[Records drawn from a dataset]
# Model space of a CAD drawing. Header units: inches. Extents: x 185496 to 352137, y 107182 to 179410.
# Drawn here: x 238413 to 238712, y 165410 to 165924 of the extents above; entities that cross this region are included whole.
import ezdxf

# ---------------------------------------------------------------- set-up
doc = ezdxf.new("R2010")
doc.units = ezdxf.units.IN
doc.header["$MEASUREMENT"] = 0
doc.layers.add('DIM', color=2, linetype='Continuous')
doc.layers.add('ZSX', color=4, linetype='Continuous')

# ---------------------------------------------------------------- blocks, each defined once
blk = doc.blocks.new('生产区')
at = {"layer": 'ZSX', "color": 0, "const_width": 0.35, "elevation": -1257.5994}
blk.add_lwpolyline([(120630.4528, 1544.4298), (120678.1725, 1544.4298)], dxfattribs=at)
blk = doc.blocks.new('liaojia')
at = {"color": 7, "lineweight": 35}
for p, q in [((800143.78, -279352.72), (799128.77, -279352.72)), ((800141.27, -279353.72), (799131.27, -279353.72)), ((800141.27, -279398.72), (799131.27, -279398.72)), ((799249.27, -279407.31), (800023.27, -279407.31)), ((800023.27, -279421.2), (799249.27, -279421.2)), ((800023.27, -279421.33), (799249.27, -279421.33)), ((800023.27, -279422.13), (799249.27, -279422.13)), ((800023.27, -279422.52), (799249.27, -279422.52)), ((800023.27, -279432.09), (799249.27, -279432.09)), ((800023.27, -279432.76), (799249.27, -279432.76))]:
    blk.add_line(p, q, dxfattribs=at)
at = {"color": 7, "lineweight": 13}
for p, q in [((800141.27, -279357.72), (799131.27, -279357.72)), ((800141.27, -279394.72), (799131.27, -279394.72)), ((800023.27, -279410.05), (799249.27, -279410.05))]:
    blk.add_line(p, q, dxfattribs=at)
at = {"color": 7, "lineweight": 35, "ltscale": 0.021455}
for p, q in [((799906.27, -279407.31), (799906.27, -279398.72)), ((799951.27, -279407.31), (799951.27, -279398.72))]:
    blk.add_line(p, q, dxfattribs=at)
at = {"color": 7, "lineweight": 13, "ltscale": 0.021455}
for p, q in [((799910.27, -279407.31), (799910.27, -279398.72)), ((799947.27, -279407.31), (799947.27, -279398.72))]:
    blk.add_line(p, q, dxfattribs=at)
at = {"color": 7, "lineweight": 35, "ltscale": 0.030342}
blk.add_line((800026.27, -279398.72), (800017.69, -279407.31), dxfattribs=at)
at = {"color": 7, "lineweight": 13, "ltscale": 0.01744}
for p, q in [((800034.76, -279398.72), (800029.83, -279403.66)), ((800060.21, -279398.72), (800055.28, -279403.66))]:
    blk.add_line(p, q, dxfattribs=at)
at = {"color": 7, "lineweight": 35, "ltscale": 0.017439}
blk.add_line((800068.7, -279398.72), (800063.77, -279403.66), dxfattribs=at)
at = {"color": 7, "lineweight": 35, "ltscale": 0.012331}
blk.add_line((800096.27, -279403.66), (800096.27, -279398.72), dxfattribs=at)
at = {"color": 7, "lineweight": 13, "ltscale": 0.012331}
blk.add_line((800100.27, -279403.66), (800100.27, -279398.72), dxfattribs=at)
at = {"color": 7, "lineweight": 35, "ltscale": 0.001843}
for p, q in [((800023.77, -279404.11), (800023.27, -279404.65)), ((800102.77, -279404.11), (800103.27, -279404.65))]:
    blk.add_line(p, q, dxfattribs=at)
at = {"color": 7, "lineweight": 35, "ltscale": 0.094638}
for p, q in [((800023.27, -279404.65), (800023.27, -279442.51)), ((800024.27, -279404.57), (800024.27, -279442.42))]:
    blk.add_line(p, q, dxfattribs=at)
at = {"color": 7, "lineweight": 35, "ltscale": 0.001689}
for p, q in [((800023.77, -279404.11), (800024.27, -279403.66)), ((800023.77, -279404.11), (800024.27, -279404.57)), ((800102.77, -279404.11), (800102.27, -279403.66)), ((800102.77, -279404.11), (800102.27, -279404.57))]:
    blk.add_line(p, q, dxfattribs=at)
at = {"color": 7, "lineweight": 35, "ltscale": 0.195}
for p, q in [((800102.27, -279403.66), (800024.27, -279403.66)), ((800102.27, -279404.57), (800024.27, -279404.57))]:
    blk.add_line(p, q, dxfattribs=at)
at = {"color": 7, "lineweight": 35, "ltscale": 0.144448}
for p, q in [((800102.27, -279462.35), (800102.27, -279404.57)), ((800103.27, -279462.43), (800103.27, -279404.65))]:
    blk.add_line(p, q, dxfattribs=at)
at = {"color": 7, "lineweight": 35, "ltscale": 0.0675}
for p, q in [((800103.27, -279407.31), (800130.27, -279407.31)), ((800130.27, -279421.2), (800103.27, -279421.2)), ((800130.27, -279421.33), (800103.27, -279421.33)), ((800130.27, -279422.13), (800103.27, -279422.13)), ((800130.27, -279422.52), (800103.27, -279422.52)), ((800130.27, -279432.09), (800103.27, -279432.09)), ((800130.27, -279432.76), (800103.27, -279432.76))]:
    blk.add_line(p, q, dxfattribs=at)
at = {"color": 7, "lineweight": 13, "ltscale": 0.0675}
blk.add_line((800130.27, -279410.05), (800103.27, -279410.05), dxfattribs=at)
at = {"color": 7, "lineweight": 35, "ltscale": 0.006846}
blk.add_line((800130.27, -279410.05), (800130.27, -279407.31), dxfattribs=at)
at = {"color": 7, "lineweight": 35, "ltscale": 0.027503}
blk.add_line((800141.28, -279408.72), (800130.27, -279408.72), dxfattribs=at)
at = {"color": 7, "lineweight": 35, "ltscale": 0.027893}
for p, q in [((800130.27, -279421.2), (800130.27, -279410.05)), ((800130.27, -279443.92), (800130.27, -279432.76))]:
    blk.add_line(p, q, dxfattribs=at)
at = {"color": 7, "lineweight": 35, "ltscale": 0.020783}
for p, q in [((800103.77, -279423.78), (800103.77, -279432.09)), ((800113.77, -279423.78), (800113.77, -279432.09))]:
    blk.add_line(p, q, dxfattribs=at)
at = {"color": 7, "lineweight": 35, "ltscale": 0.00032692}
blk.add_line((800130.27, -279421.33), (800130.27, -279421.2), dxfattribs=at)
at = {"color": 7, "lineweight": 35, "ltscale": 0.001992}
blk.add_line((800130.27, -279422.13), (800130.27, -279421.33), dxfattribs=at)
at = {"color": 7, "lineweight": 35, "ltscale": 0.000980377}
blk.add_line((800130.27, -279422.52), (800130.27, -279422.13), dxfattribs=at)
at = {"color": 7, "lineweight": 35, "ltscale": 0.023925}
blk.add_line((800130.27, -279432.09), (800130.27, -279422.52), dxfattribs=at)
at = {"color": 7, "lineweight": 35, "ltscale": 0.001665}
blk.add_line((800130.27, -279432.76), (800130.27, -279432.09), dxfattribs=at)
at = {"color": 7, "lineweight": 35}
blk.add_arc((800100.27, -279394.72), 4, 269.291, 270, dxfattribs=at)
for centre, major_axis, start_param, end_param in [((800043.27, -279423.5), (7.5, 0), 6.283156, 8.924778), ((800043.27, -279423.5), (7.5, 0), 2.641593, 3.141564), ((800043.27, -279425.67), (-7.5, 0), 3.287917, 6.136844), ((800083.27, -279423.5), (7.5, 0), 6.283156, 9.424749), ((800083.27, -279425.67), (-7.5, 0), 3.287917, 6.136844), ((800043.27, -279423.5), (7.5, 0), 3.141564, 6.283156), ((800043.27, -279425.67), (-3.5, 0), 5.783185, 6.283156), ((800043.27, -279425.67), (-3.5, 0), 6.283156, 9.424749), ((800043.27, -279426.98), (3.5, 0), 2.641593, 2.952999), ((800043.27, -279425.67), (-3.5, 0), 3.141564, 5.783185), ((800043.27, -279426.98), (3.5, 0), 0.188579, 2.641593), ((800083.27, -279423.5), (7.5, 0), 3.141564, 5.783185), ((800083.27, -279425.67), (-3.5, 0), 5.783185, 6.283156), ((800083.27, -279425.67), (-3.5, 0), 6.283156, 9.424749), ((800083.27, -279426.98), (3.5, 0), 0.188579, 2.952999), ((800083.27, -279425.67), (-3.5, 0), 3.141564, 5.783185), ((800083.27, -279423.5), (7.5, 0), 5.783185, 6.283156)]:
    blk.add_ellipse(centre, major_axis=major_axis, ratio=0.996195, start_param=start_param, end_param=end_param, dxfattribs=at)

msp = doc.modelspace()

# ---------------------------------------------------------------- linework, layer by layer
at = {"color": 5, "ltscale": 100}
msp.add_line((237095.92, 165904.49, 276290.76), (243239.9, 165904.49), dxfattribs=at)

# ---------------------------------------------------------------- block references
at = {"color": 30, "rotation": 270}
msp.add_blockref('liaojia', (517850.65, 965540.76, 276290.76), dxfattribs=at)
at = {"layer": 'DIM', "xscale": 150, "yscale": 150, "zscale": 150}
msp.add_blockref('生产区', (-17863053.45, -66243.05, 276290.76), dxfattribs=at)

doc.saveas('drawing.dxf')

◆ Activity ◆
Retype, exactly and in full, the lines above from the one containing "(800130.27, -279422.13), dxfattribs=at)" through the one containing "269.291, 270, dxfattribs=at)".

◆ Exercise response ◆
blk.add_line((800130.27, -279422.52), (800130.27, -279422.13), dxfattribs=at)
at = {"color": 7, "lineweight": 35, "ltscale": 0.023925}
blk.add_line((800130.27, -279432.09), (800130.27, -279422.52), dxfattribs=at)
at = {"color": 7, "lineweight": 35, "ltscale": 0.001665}
blk.add_line((800130.27, -279432.76), (800130.27, -279432.09), dxfattribs=at)
at = {"color": 7, "lineweight": 35}
blk.add_arc((800100.27, -279394.72), 4, 269.291, 270, dxfattribs=at)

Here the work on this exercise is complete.